Access to Material Basic Needs and Women's Health
Material basic needs such as menstrual supplies, infant and child diapers, and adult incontinence products are required for health and hygiene, yet are often overlooked for their role in facilitating healthy behaviours, community participation, mental health, and overall well-being. Unmet material basic needs are associated with multiple and compounding stressors - the stress of not having these needs met, and the stress of trying to meet them. These stressors influence health. Although screening in the healthcare setting for social drivers of health has increased in recent years, few of the screening tools used assess unmet needs for the most basic material essentials like toothpaste, laundry detergent, and hygiene products. The aim of this Special Collection is to document the link between access to material basic needs and women’s health across the life course.
1. Introduction
An introduction by Dr Kelley Massengale, Guest Editor of this Special Collection.
Note
2. Period product resources and needs in schools: insights from Missouri school nurses
This talk will highlight findings from a statewide survey of school nurses in Missouri plus a series of follow-up focus groups.
- 1.Sebert Kuhlmann A, Palovick KA, Allen C, Teni MT, Marshall C. Period Product Resources and Needs in Missouri Schools: Focus Group Discussions with School Nurses. J of School Nursing. 2024;0(0).
3. Mapping the Experience of Menstruation Management at School: Preliminary Results from Rural Alabama
Growing awareness of and action to address period poverty has created the opportunity to rethink the relative cultural invisibility of menstruation – and the knowledge and policy deficits fostered by this invisibility at multiple levels – from population trends to state policy, institutional support and lived experience. Increasingly, research and advocacy around period poverty acknowledge the need to address its ecology – to assess and engage the multiple levels of operation and action that bear on period poverty and the actions at each level that may alleviate or end it. With respect to primary-school aged children, addressing the ecology of period poverty involves an accurate, local profile of menstruation’s epidemiology and the economic profile of schools and school districts. It depends on the disposition of state policymakers and education administrators toward committing resources to address the issue. It involves school level policy and practices that recognize and respond to student needs. It requires an ongoing dialog with students to communicate the school’s investment in students’ wellbeing as inseparable from its investment in the students’ academic success. Preliminary analysis of pilot data collected in the wake of passage of legislation to address period poverty revealed important considerations at the level of the epidemiology of menstruation, students’ equipment and privacy needs surrounding period management and effects of period management on students’ functioning and wellbeing at school.
4. Sources of stress among caregivers receiving diaper assistance
Introduction: Diaper need is a major financial burden and critical material hardship experienced by a substantial number of families with young children in the U.S. We aimed to describe the most frequently occurring stressors among caregivers receiving diaper assistance from a local diaper bank to identify potential clinical, programmatic, and policy interventions to improve wellbeing among families with diaper need.
Methods: Caregivers receiving diaper assistance at community-based organizations in North Carolina completed surveys, including a modified Everyday Stressors Index, from November 2021 to April 2022. We calculated the number and percent of caregivers reporting that each stressor caused them “a lot of” or “some” stress.
Results: Most participants were women (97.4%) with 39.2% identifying as Black and 26.7% as Hispanic.
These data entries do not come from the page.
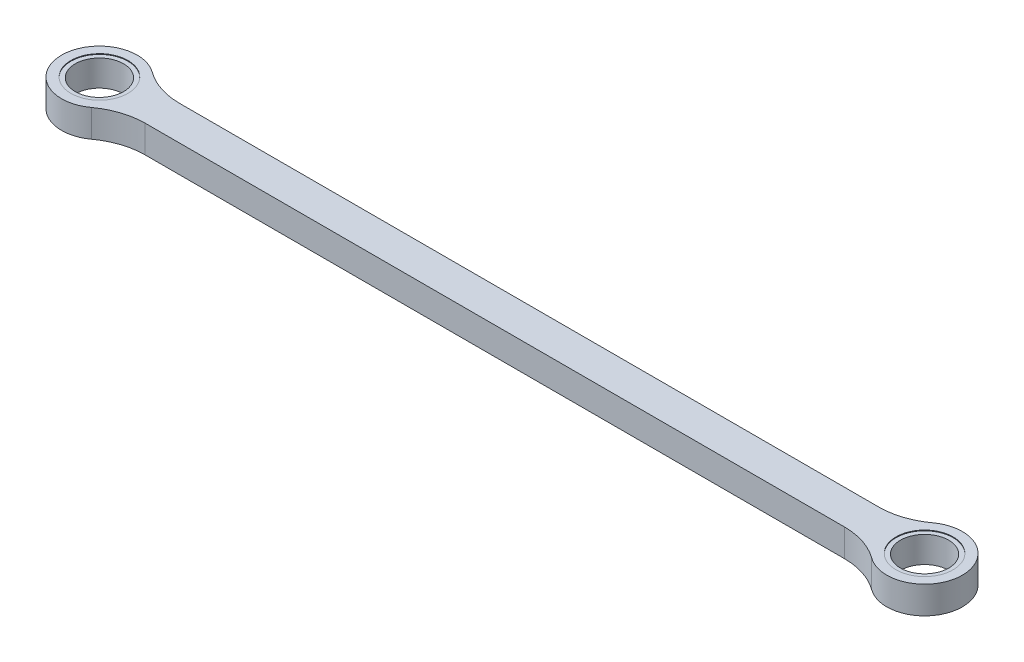
ISO-10303-21;
HEADER;
FILE_DESCRIPTION(('STEP AP214'),'2;1');
FILE_NAME('part.step','',(''),(''),'','','');
FILE_SCHEMA(('AUTOMOTIVE_DESIGN { 1 0 10303 214 1 1 1 1 }'));
ENDSEC;
DATA;
#1=APPLICATION_CONTEXT('core data for automotive mechanical design processes');
#2=APPLICATION_PROTOCOL_DEFINITION('international standard','automotive_design',2000,#1);
#3=PRODUCT_CONTEXT('',#1,'mechanical');
#4=PRODUCT('Part','Part','',(#3));
#5=PRODUCT_RELATED_PRODUCT_CATEGORY('part','',(#4));
#6=PRODUCT_DEFINITION_FORMATION('','',#4);
#7=PRODUCT_DEFINITION_CONTEXT('part definition',#1,'design');
#8=PRODUCT_DEFINITION('design','',#6,#7);
#9=PRODUCT_DEFINITION_SHAPE('','',#8);
#10=(LENGTH_UNIT() NAMED_UNIT(*) SI_UNIT(.MILLI.,.METRE.));
#11=(NAMED_UNIT(*) PLANE_ANGLE_UNIT() SI_UNIT($,.RADIAN.));
#12=(NAMED_UNIT(*) SI_UNIT($,.STERADIAN.) SOLID_ANGLE_UNIT());
#13=UNCERTAINTY_MEASURE_WITH_UNIT(LENGTH_MEASURE(1.E-05),#10,'distance_accuracy_value','');
#14=(GEOMETRIC_REPRESENTATION_CONTEXT(3) GLOBAL_UNCERTAINTY_ASSIGNED_CONTEXT((#13)) GLOBAL_UNIT_ASSIGNED_CONTEXT((#10,
#11,#12)) REPRESENTATION_CONTEXT('',''));
#15=CARTESIAN_POINT('',(0.,0.,0.));
#16=DIRECTION('',(0.,0.,1.));
#17=DIRECTION('',(1.,0.,0.));
#18=AXIS2_PLACEMENT_3D('',#15,#16,#17);
#19=CARTESIAN_POINT('',(0.,4.,0.));
#20=DIRECTION('',(0.,-1.,0.));
#21=DIRECTION('',(0.,0.,-1.));
#22=AXIS2_PLACEMENT_3D('',#19,#20,#21);
#23=CYLINDRICAL_SURFACE('',#22,3.515);
#24=CARTESIAN_POINT('',(0.,3.9,0.));
#25=DIRECTION('',(0.,1.,0.));
#26=DIRECTION('',(0.,0.,1.));
#27=AXIS2_PLACEMENT_3D('',#24,#25,#26);
#28=CIRCLE('',#27,3.515);
#29=CARTESIAN_POINT('',(0.,3.9,3.515));
#30=VERTEX_POINT('',#29);
#31=EDGE_CURVE('E196',#30,#30,#28,.T.);
#32=ORIENTED_EDGE('',*,*,#31,.T.);
#33=EDGE_LOOP('',(#32));
#34=FACE_BOUND('',#33,.T.);
#35=CARTESIAN_POINT('',(0.,0.0999999999999998,0.));
#36=DIRECTION('',(0.,-1.,0.));
#37=DIRECTION('',(0.,0.,-1.));
#38=AXIS2_PLACEMENT_3D('',#35,#36,#37);
#39=CIRCLE('',#38,3.515);
#40=CARTESIAN_POINT('',(0.,0.0999999999999998,-3.515));
#41=VERTEX_POINT('',#40);
#42=EDGE_CURVE('E49',#41,#41,#39,.T.);
#43=ORIENTED_EDGE('',*,*,#42,.T.);
#44=EDGE_LOOP('',(#43));
#45=FACE_BOUND('',#44,.T.);
#46=ADVANCED_FACE('F45',(#34,#45),#23,.F.);
#47=CARTESIAN_POINT('',(120.,4.,0.));
#48=DIRECTION('',(0.,-1.,0.));
#49=DIRECTION('',(0.,0.,-1.));
#50=AXIS2_PLACEMENT_3D('',#47,#48,#49);
#51=CYLINDRICAL_SURFACE('',#50,3.51500000000001);
#52=CARTESIAN_POINT('',(120.,3.9,0.));
#53=DIRECTION('',(0.,1.,0.));
#54=DIRECTION('',(0.,0.,1.));
#55=AXIS2_PLACEMENT_3D('',#52,#53,#54);
#56=CIRCLE('',#55,3.51500000000001);
#57=CARTESIAN_POINT('',(120.,3.9,3.51500000000001));
#58=VERTEX_POINT('',#57);
#59=EDGE_CURVE('E192',#58,#58,#56,.T.);
#60=ORIENTED_EDGE('',*,*,#59,.T.);
#61=EDGE_LOOP('',(#60));
#62=FACE_BOUND('',#61,.T.);
#63=CARTESIAN_POINT('',(120.,0.0999999999999998,0.));
#64=DIRECTION('',(0.,-1.,0.));
#65=DIRECTION('',(0.,0.,-1.));
#66=AXIS2_PLACEMENT_3D('',#63,#64,#65);
#67=CIRCLE('',#66,3.51500000000001);
#68=CARTESIAN_POINT('',(120.,0.0999999999999998,-3.51500000000001));
#69=VERTEX_POINT('',#68);
#70=EDGE_CURVE('E199',#69,#69,#67,.T.);
#71=ORIENTED_EDGE('',*,*,#70,.T.);
#72=EDGE_LOOP('',(#71));
#73=FACE_BOUND('',#72,.T.);
#74=ADVANCED_FACE('F269',(#62,#73),#51,.F.);
#75=CARTESIAN_POINT('',(0.,4.,0.));
#76=DIRECTION('',(0.,1.,0.));
#77=DIRECTION('',(0.,0.,1.));
#78=AXIS2_PLACEMENT_3D('',#75,#76,#77);
#79=PLANE('',#78);
#80=CARTESIAN_POINT('',(0.,4.,0.));
#81=DIRECTION('',(0.,1.,0.));
#82=DIRECTION('',(0.,0.,1.));
#83=AXIS2_PLACEMENT_3D('',#80,#81,#82);
#84=CIRCLE('',#83,4.15);
#85=CARTESIAN_POINT('',(0.,4.,4.15));
#86=VERTEX_POINT('',#85);
#87=EDGE_CURVE('E230',#86,#86,#84,.T.);
#88=ORIENTED_EDGE('',*,*,#87,.F.);
#89=EDGE_LOOP('',(#88));
#90=FACE_BOUND('',#89,.T.);
#91=CARTESIAN_POINT('',(120.,4.,0.));
#92=DIRECTION('',(0.,1.,0.));
#93=DIRECTION('',(0.,0.,1.));
#94=AXIS2_PLACEMENT_3D('',#91,#92,#93);
#95=CIRCLE('',#94,4.15);
#96=CARTESIAN_POINT('',(120.,4.,4.15));
#97=VERTEX_POINT('',#96);
#98=EDGE_CURVE('E233',#97,#97,#95,.T.);
#99=ORIENTED_EDGE('',*,*,#98,.F.);
#100=EDGE_LOOP('',(#99));
#101=FACE_BOUND('',#100,.T.);
#102=DIRECTION('',(-1.,0.,0.));
#103=VECTOR('',#102,1.);
#104=CARTESIAN_POINT('',(4.89897948556636,4.,-2.5));
#105=LINE('',#104,#103);
#106=CARTESIAN_POINT('',(110.834848610088,4.,-2.5));
#107=VERTEX_POINT('',#106);
#108=CARTESIAN_POINT('',(9.16515138991168,4.,-2.5));
#109=VERTEX_POINT('',#108);
#110=EDGE_CURVE('E158',#107,#109,#105,.T.);
#111=ORIENTED_EDGE('',*,*,#110,.T.);
#112=CARTESIAN_POINT('',(9.16515138991168,4.,-12.5));
#113=DIRECTION('',(0.,1.,0.));
#114=DIRECTION('',(0.,0.,1.));
#115=AXIS2_PLACEMENT_3D('',#112,#113,#114);
#116=CIRCLE('',#115,10.);
#117=CARTESIAN_POINT('',(3.25215049319447,4.,-4.43548387096774));
#118=VERTEX_POINT('',#117);
#119=EDGE_CURVE('E11',#109,#118,#116,.F.);
#120=ORIENTED_EDGE('',*,*,#119,.T.);
#121=CARTESIAN_POINT('',(0.,4.,0.));
#122=DIRECTION('',(0.,1.,0.));
#123=DIRECTION('',(0.,0.,1.));
#124=AXIS2_PLACEMENT_3D('',#121,#122,#123);
#125=CIRCLE('',#124,5.5);
#126=CARTESIAN_POINT('',(3.25215049319447,4.,4.43548387096774));
#127=VERTEX_POINT('',#126);
#128=EDGE_CURVE('E150',#118,#127,#125,.T.);
#129=ORIENTED_EDGE('',*,*,#128,.T.);
#130=CARTESIAN_POINT('',(9.16515138991168,4.,12.5));
#131=DIRECTION('',(0.,1.,0.));
#132=DIRECTION('',(0.,0.,1.));
#133=AXIS2_PLACEMENT_3D('',#130,#131,#132);
#134=CIRCLE('',#133,10.);
#135=CARTESIAN_POINT('',(9.16515138991168,4.,2.5));
#136=VERTEX_POINT('',#135);
#137=EDGE_CURVE('E187',#127,#136,#134,.F.);
#138=ORIENTED_EDGE('',*,*,#137,.T.);
#139=DIRECTION('',(1.,0.,0.));
#140=VECTOR('',#139,1.);
#141=CARTESIAN_POINT('',(4.89897948556636,4.,2.5));
#142=LINE('',#141,#140);
#143=CARTESIAN_POINT('',(110.834848610088,4.,2.5));
#144=VERTEX_POINT('',#143);
#145=EDGE_CURVE('E242',#136,#144,#142,.T.);
#146=ORIENTED_EDGE('',*,*,#145,.T.);
#147=CARTESIAN_POINT('',(110.834848610088,4.,12.5));
#148=DIRECTION('',(0.,1.,0.));
#149=DIRECTION('',(0.,0.,1.));
#150=AXIS2_PLACEMENT_3D('',#147,#148,#149);
#151=CIRCLE('',#150,10.);
#152=CARTESIAN_POINT('',(116.747849506806,4.,4.43548387096774));
#153=VERTEX_POINT('',#152);
#154=EDGE_CURVE('E124',#144,#153,#151,.F.);
#155=ORIENTED_EDGE('',*,*,#154,.T.);
#156=CARTESIAN_POINT('',(120.,4.,0.));
#157=DIRECTION('',(0.,1.,0.));
#158=DIRECTION('',(0.,0.,-1.));
#159=AXIS2_PLACEMENT_3D('',#156,#157,#158);
#160=CIRCLE('',#159,5.50000000000001);
#161=CARTESIAN_POINT('',(116.747849506806,4.,-4.43548387096774));
#162=VERTEX_POINT('',#161);
#163=EDGE_CURVE('E133',#153,#162,#160,.T.);
#164=ORIENTED_EDGE('',*,*,#163,.T.);
#165=CARTESIAN_POINT('',(110.834848610088,4.,-12.5));
#166=DIRECTION('',(0.,1.,0.));
#167=DIRECTION('',(0.,0.,1.));
#168=AXIS2_PLACEMENT_3D('',#165,#166,#167);
#169=CIRCLE('',#168,10.);
#170=EDGE_CURVE('E181',#162,#107,#169,.F.);
#171=ORIENTED_EDGE('',*,*,#170,.T.);
#172=EDGE_LOOP('',(#111,#120,#129,#138,#146,#155,#164,#171));
#173=FACE_BOUND('',#172,.T.);
#174=ADVANCED_FACE('F257',(#90,#101,#173),#79,.T.);
#175=CARTESIAN_POINT('',(0.,0.,0.));
#176=DIRECTION('',(0.,1.,0.));
#177=DIRECTION('',(0.,0.,1.));
#178=AXIS2_PLACEMENT_3D('',#175,#176,#177);
#179=PLANE('',#178);
#180=CARTESIAN_POINT('',(0.,0.,0.));
#181=DIRECTION('',(0.,-1.,0.));
#182=DIRECTION('',(0.,0.,-1.));
#183=AXIS2_PLACEMENT_3D('',#180,#181,#182);
#184=CIRCLE('',#183,4.15);
#185=CARTESIAN_POINT('',(0.,0.,-4.15));
#186=VERTEX_POINT('',#185);
#187=EDGE_CURVE('E210',#186,#186,#184,.T.);
#188=ORIENTED_EDGE('',*,*,#187,.F.);
#189=EDGE_LOOP('',(#188));
#190=FACE_BOUND('',#189,.T.);
#191=CARTESIAN_POINT('',(120.,0.,0.));
#192=DIRECTION('',(0.,-1.,0.));
#193=DIRECTION('',(0.,0.,-1.));
#194=AXIS2_PLACEMENT_3D('',#191,#192,#193);
#195=CIRCLE('',#194,4.15);
#196=CARTESIAN_POINT('',(120.,0.,-4.15));
#197=VERTEX_POINT('',#196);
#198=EDGE_CURVE('E217',#197,#197,#195,.T.);
#199=ORIENTED_EDGE('',*,*,#198,.F.);
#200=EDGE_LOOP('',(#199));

Most had at least one adult in the household currently working for pay (79.0%), and one-third (36.8%) had household income ≤$15,999. More than half of participants reported “a lot of” or “some” stress about not having enough time to do the things they want (58.5%), affording diapers (58.3%), affording rent or mortgage (54.1%), having too many responsibilities or things to do (53.1%), and affording utility bills like water and electricity (51.0%).
Conclusions: Caregivers need support having enough money to meet basic needs and having sufficient time to meet their responsibilities and goals. Potential strategies specific to diaper need include repealing state sales tax on diapers and designating diapers as a medical necessity. Broad strategies include increased tax credits to families and increased minimum wage.